La instantaneidad se ha incrustado en nuestras vidas, debilitando las certezas y destruyendo anclajes que en otro tiempo nos servían de red en el trapecio del día a día. Se ha debilitado el concepto de porvenir, esa convención vital de que todo iría bien, de que lo mejor estaba por venir. Por eso se percibe cierta sensación de confusión y ausencia a acuerdos firmes y sólidos en nuestra convivencia líquida de hoy.

Y quizá es verdad aquello que dice el propio Bauman de que las redes son una trampa, un espejismo. Porque frente a la idea de libertad global, quizá vivimos en una de las etapas modernas con el umbral más bajo de tolerancia. Lo políticamente correcto es la peor mordaza posible. Nos tomamos demasiado a pecho a Bruce Lee cuando nos recomendaba allá por 2007 eso de «be water my friend». Fuimos tan elásticos, tan maleables, tan adaptables que, como sociedad, nos dejamos muchos principios por el camino por no poner pie en pared. Y sobre todo nos dejamos engañar a cambio de una supuesta vida de ensueño a bajo tipo de interés y de una asombrosa insolvencia moral.

Cuando uno ve el Congreso de los Diputados convertido en 13 Rue del Percebe siente tristeza. Y no sólo por Ibáñez, sino porque esa imagen representa con bastante exactitud la sociedad actual, tan insustancial como la permanente puesta en escena de los chicos de Podemos, empeñados en convertir la acción política en un reality show, en el Gandía Shore de la Carrera de San Jerónimo. Todo es superficial, liviano, pasajero. Una idea dura lo que dura un tuit; un discurso es una sucesión de ocurrencias que puedan ser compartidas en Facebook; un programa es un catálogo de Ikea, y un político es un Rufián. ¿Es esa la nueva política?

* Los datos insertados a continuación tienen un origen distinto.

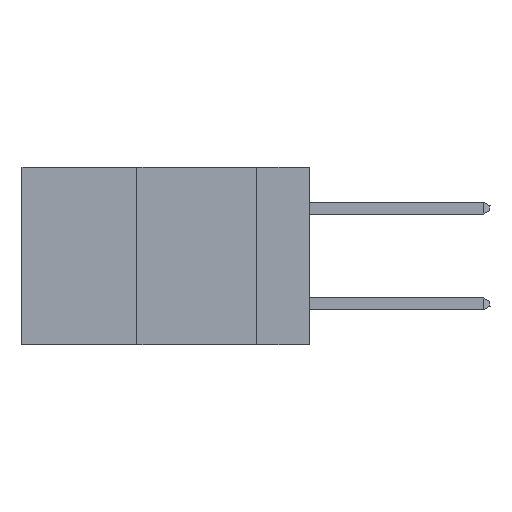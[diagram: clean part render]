
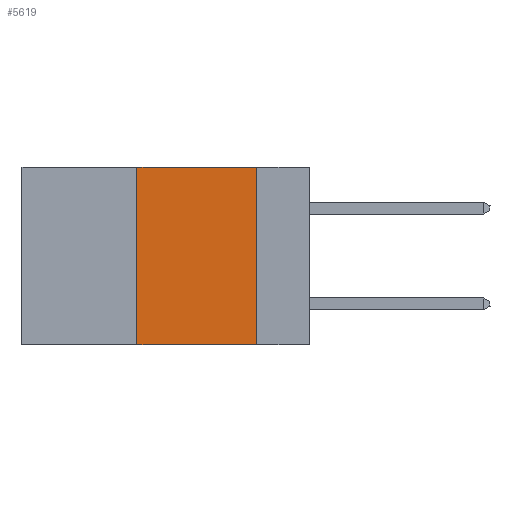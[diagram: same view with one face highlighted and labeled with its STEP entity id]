
A CAD part, left-side view. The second image highlights one B-rep face of the part: STEP entity #5619.
In plain terms, the highlighted planar face has unit normal (-1, 0, 0).
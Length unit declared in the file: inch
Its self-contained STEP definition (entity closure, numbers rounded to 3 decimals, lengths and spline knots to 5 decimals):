
#741 = DIRECTION ( 'NONE',  ( 1., 0., 0. ) ) ;
#1145 = ORIENTED_EDGE ( 'NONE', *, *, #32041, .F. ) ;
#2792 = VERTEX_POINT ( 'NONE', #22623 ) ;
#3848 = VERTEX_POINT ( 'NONE', #23249 ) ;
#4810 = FACE_OUTER_BOUND ( 'NONE', #39656, .T. ) ;
#4891 = CARTESIAN_POINT ( 'NONE',  ( 0., 0.6, 0. ) ) ;
#5619 = ADVANCED_FACE ( 'NONE', ( #4810 ), #10669, .F. ) ;
#6817 = CARTESIAN_POINT ( 'NONE',  ( 0., 0.36, 0. ) ) ;
#8775 = EDGE_CURVE ( 'NONE', #12313, #3848, #23303, .T. ) ;
#9584 = LINE ( 'NONE', #17868, #25686 ) ;
#10641 = CARTESIAN_POINT ( 'NONE',  ( 0., 0.36, 0. ) ) ;
#10669 = PLANE ( 'NONE',  #20064 ) ;
#11262 = VECTOR ( 'NONE', #30933, 39.37008 ) ;
#11853 = VERTEX_POINT ( 'NONE', #24084 ) ;
#12313 = VERTEX_POINT ( 'NONE', #6817 ) ;
#13231 = EDGE_CURVE ( 'NONE', #2792, #11853, #36698, .T. ) ;
#16577 = LINE ( 'NONE', #10641, #24155 ) ;
#17111 = DIRECTION ( 'NONE',  ( 0., 0., -1. ) ) ;
#17868 = CARTESIAN_POINT ( 'NONE',  ( 0., 0.11, 0. ) ) ;
#20064 = AXIS2_PLACEMENT_3D ( 'NONE', #26567, #741, #17111 ) ;
#20498 = ORIENTED_EDGE ( 'NONE', *, *, #32282, .F. ) ;
#21055 = DIRECTION ( 'NONE',  ( 0., -1., 0. ) ) ;
#22284 = VECTOR ( 'NONE', #21055, 39.37008 ) ;
#22623 = CARTESIAN_POINT ( 'NONE',  ( 0., 0.36, -0.37 ) ) ;
#23249 = CARTESIAN_POINT ( 'NONE',  ( 0., 0.11, 0. ) ) ;
#23303 = LINE ( 'NONE', #4891, #22284 ) ;
#24084 = CARTESIAN_POINT ( 'NONE',  ( 0., 0.11, -0.37 ) ) ;
#24155 = VECTOR ( 'NONE', #36153, 39.37008 ) ;
#25686 = VECTOR ( 'NONE', #37047, 39.37008 ) ;
#26567 = CARTESIAN_POINT ( 'NONE',  ( 0., 0.6, 0. ) ) ;
#27023 = ORIENTED_EDGE ( 'NONE', *, *, #8775, .F. ) ;
#27765 = CARTESIAN_POINT ( 'NONE',  ( 0., 0.6, -0.37 ) ) ;
#29012 = ORIENTED_EDGE ( 'NONE', *, *, #13231, .T. ) ;
#30933 = DIRECTION ( 'NONE',  ( 0., -1., 0. ) ) ;
#32041 = EDGE_CURVE ( 'NONE', #3848, #11853, #9584, .T. ) ;
#32282 = EDGE_CURVE ( 'NONE', #2792, #12313, #16577, .T. ) ;
#36153 = DIRECTION ( 'NONE',  ( 0., 0., 1. ) ) ;
#36698 = LINE ( 'NONE', #27765, #11262 ) ;
#37047 = DIRECTION ( 'NONE',  ( 0., 0., -1. ) ) ;
#39656 = EDGE_LOOP ( 'NONE', ( #1145, #27023, #20498, #29012 ) ) ;
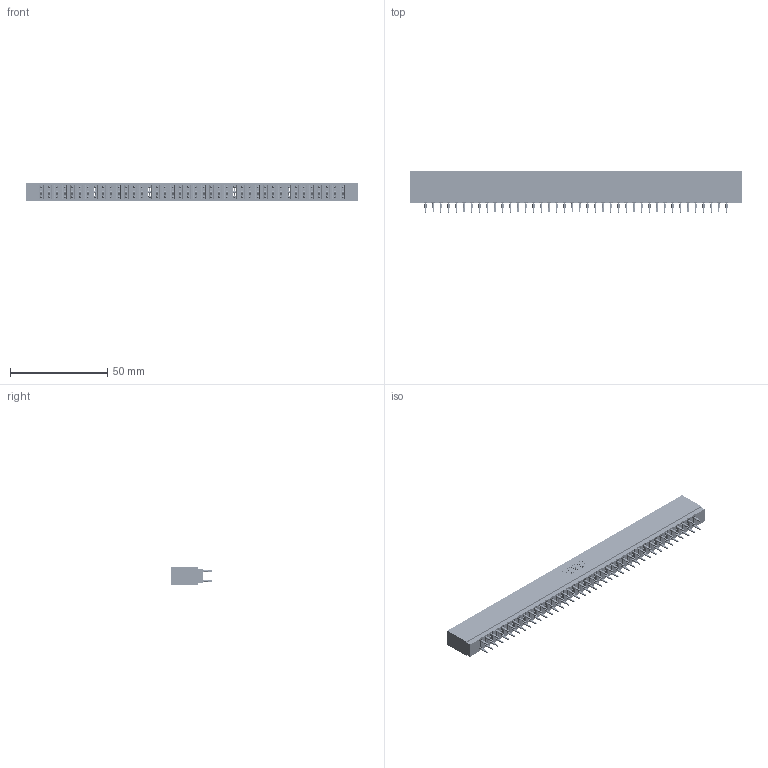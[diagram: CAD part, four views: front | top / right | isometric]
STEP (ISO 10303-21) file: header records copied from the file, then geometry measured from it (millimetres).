
FILE_DESCRIPTION (( 'STEP AP203' ), '1' );
FILE_NAME ('737-080-560-201.STEP', '2020-09-11T08:32:41', ( '' ), ( '' ), 'SwSTEP 2.0', 'SolidWorks 2020', '' );
FILE_SCHEMA (( 'CONFIG_CONTROL_DESIGN' ));
Length unit declared in the file: inch
Products named in the file (3): 737-080-560-201; 737 Part_Insulator Option - 01; 745-292-001_560
Assembly tree (81 placements, depth 2):
  737-080-560-201
    737 Part_Insulator Option - 01
    745-292-001_560  x80
Bounding box: 170.33 x 21.22 x 8.89 mm (x, y, z)
Volume: 17143.8 mm3; surface area: 26295.1 mm2
Topology: 81 solids, 81 shells, 8014 faces, 21935 edges, 13930 vertices
Faces by surface type: plane 4174, cylinder 1760, bspline 1600, torus 480
Entity records: 69230 total; most frequent: CARTESIAN_POINT 12523, ORIENTED_EDGE 11954, DIRECTION 10439, EDGE_CURVE 5977, VECTOR 5547, LINE 5547, VERTEX_POINT 3818, AXIS2_PLACEMENT_3D 2446

Se trata, por tanto, de reconstruir, de buscar anclajes que vuelvan a conectarnos con la esencia de las cosas, de favorecer alianzas y vínculos que nos protejan, de volver a tener certezas y porvenir, de conseguir un tejido moral que nos defienda de corruptos, salvapatrias y charlatanes. Se trata de volver a empezar, de reiniciar el ciclo. De lo efímero al acervo vital. Después de la tortilla española deconstruida de Adriá, uno siempre vuelve a la tortilla de patatas de verdad, aquella cuyo sabor es el de siempre, el que sabe a pueblo. A la tortilla auténtica.